Performance therefore presumably comes down to how quickly each thread can complete each complex problem that it's working on.
I know that the published clock speeds of CPU's are largely irrelevant these days. For example, my E5-2670 v2 has a base clock speed of 2.5Ghz and a turbo of 3.3Ghz, whereas the faster E5-2686 v4 has a base clock speed of 2.3Ghz and a turbo of 3.0Ghz (i think).

Is there any way within Windows that I can see how quickly each of the threads is being completed?

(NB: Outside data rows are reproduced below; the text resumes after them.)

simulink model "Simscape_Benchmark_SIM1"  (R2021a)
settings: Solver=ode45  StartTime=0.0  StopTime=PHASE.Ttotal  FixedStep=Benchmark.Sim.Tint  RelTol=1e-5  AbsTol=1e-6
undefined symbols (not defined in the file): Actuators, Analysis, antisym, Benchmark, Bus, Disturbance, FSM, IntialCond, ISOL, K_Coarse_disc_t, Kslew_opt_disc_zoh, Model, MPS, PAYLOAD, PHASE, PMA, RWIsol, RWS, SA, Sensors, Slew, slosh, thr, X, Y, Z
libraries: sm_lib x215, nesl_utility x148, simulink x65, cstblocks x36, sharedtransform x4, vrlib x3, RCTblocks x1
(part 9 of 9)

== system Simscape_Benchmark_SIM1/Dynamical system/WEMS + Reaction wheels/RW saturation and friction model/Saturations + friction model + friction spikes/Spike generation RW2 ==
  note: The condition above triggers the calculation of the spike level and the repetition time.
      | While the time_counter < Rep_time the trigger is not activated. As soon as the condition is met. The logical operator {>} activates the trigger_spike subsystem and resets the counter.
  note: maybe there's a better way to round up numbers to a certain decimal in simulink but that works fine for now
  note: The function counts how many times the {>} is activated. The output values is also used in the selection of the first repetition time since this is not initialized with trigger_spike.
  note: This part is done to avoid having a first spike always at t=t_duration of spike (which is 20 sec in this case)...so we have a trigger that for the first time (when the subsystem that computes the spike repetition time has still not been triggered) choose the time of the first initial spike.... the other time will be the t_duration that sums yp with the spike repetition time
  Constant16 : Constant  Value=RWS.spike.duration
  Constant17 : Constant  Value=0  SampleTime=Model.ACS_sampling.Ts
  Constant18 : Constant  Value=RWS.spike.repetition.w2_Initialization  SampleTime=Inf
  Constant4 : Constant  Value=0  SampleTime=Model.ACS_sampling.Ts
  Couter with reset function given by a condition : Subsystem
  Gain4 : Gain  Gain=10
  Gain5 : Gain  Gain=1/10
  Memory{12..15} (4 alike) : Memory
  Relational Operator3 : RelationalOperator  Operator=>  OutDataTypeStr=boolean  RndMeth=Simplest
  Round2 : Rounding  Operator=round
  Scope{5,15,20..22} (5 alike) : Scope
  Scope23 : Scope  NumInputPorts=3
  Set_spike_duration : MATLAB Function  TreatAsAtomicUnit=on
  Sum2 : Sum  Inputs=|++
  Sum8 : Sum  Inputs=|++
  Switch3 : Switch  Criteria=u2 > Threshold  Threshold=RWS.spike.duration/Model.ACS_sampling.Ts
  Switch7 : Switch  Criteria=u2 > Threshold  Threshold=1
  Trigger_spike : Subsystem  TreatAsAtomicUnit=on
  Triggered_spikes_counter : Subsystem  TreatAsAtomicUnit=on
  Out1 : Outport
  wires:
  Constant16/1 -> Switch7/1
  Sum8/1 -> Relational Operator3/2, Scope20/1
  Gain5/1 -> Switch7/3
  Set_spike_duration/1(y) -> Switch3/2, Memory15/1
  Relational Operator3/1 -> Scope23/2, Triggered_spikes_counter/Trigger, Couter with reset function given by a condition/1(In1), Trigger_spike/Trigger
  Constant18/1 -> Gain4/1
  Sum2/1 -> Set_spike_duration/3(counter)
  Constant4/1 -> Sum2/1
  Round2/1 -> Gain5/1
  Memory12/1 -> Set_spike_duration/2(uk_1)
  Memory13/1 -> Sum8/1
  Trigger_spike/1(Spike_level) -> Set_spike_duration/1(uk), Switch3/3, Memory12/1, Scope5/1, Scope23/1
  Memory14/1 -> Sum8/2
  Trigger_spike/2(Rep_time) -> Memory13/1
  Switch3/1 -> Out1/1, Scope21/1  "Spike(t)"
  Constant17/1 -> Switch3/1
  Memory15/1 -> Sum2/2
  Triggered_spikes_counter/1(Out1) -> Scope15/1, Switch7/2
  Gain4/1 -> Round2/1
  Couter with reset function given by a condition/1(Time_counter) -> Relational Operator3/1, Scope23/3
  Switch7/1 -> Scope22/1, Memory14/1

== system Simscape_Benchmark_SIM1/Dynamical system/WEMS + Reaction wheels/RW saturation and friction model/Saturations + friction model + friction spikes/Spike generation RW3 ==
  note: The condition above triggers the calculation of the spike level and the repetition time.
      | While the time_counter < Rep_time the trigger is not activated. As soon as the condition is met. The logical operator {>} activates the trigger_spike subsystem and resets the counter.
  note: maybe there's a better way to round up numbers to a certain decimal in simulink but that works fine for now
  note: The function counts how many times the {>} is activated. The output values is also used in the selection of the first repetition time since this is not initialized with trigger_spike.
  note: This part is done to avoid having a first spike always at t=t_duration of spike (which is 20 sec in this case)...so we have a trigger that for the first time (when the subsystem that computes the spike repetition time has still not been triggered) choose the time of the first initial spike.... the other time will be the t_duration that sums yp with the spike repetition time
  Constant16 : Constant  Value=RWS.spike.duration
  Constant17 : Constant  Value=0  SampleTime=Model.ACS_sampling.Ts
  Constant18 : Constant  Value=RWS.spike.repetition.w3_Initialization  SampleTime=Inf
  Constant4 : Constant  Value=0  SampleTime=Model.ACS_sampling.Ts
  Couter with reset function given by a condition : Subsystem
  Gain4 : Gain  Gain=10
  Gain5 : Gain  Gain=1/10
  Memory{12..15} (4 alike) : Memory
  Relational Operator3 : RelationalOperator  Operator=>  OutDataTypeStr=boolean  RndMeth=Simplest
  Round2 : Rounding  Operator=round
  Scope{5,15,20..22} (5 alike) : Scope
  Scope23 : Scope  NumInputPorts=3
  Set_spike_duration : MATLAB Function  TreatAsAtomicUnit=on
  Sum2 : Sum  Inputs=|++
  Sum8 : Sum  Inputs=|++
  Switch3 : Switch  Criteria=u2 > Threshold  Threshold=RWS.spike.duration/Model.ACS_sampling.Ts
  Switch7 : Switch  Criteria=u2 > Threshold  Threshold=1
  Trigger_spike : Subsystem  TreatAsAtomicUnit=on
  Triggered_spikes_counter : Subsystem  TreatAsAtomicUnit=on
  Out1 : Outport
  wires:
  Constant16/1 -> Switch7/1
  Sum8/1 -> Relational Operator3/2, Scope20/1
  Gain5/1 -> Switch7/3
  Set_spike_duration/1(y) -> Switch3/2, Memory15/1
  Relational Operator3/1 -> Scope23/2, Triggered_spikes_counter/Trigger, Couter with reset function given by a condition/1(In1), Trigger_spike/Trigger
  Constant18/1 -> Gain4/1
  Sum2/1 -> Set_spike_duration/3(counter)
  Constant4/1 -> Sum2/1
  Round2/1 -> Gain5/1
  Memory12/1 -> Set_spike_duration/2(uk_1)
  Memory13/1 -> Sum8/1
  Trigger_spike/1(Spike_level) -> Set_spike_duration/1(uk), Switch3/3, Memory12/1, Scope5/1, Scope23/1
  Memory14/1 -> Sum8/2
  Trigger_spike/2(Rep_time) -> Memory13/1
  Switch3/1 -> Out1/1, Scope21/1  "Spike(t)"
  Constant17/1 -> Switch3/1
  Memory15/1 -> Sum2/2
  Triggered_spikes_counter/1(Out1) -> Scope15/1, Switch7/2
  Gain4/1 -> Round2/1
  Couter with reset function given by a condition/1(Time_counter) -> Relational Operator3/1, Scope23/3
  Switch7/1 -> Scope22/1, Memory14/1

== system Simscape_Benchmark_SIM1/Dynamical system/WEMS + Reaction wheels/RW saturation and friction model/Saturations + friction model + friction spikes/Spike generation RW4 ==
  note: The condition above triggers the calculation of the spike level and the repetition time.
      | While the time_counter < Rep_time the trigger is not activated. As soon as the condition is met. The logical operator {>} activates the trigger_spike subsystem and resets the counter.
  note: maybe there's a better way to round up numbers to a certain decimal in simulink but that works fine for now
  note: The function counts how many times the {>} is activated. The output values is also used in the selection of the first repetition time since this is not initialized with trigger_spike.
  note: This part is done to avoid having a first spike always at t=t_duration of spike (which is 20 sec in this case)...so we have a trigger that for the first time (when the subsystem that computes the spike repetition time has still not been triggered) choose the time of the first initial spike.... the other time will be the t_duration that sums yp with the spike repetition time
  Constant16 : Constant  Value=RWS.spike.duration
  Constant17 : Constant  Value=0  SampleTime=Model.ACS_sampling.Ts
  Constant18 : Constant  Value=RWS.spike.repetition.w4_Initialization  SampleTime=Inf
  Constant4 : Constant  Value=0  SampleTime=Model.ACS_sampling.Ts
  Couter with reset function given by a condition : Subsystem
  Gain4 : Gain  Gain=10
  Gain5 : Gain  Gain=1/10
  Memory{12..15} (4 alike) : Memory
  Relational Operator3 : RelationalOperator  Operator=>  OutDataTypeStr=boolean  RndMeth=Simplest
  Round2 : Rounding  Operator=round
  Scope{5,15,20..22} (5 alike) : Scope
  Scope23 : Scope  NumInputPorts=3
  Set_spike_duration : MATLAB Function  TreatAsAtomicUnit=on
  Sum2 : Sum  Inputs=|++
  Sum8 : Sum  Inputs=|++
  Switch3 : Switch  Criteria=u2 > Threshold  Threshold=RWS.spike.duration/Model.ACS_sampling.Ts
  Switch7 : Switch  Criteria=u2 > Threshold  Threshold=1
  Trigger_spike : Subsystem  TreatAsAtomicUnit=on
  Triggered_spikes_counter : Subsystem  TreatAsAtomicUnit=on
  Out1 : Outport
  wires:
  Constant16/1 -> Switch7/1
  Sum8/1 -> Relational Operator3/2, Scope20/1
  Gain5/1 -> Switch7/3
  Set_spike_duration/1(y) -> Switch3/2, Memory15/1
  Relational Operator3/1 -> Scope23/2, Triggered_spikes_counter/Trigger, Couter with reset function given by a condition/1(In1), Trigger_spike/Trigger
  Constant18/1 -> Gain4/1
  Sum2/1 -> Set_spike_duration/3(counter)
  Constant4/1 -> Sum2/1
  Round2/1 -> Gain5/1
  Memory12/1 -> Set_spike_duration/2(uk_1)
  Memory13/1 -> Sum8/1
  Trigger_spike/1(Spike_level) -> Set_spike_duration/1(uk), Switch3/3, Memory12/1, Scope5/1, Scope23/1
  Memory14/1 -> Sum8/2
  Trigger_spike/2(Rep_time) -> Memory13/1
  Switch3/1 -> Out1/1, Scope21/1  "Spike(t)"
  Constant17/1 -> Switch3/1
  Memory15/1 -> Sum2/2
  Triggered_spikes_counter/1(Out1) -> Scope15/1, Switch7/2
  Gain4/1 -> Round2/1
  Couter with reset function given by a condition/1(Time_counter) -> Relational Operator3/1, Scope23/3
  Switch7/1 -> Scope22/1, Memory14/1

There's an extra reason for this whole problem.
We have a different virtual server running a completely different CPU (AMD Opteron 6136).
The benchmark tests run far slower on this environment than our AWS environment,

I'd therefore like something within windows to be able to show that the AMD CPU is processing each thread slower.
So far, i've run passmark benchmark and can see that the single thread performance of the AMD CPU is far slower than the AWS Intel chips, but it would be nice if we could see what effect this is having on the time each thread takes to complete.
 

sm625

Diamond Member
May 6, 2011
8,172
137
106
On a thread level? Not really. Task manager can show you per-process time, assuming the process stays running in an idle state after it completes. If the process exits then it just disappears from task manager. To get down to a thread level you have to use some other tool. Like Procmon. That will give you thread creation and exit times. But it isnt quick to set that up. You have to use a filter. The filter would go something like "If Operation Excludes 'Thread' then Exclude". Considering the fact that simply opening my gmail in a web browser results in the creation/exiting of 565 threads, it would be a lot of work to sift through all that to find what you want.
 

Ketchup

Elite Member
Sep 1, 2002
14,545
236
106
Well, your Intel chip has 2 threads per core, so 40-60 percent utilization is just about perfect for a single-thread app. Your AMD chip is 1:1, but, honestly, it's probably just bad at it. Without knowing anything about your app, a lot of it could come down to raw speed: 2.4 GHz on AMD vs 3.3 with Intel. Not to mention the Intel chip has almost double the cache, which certainly doesn't hurt.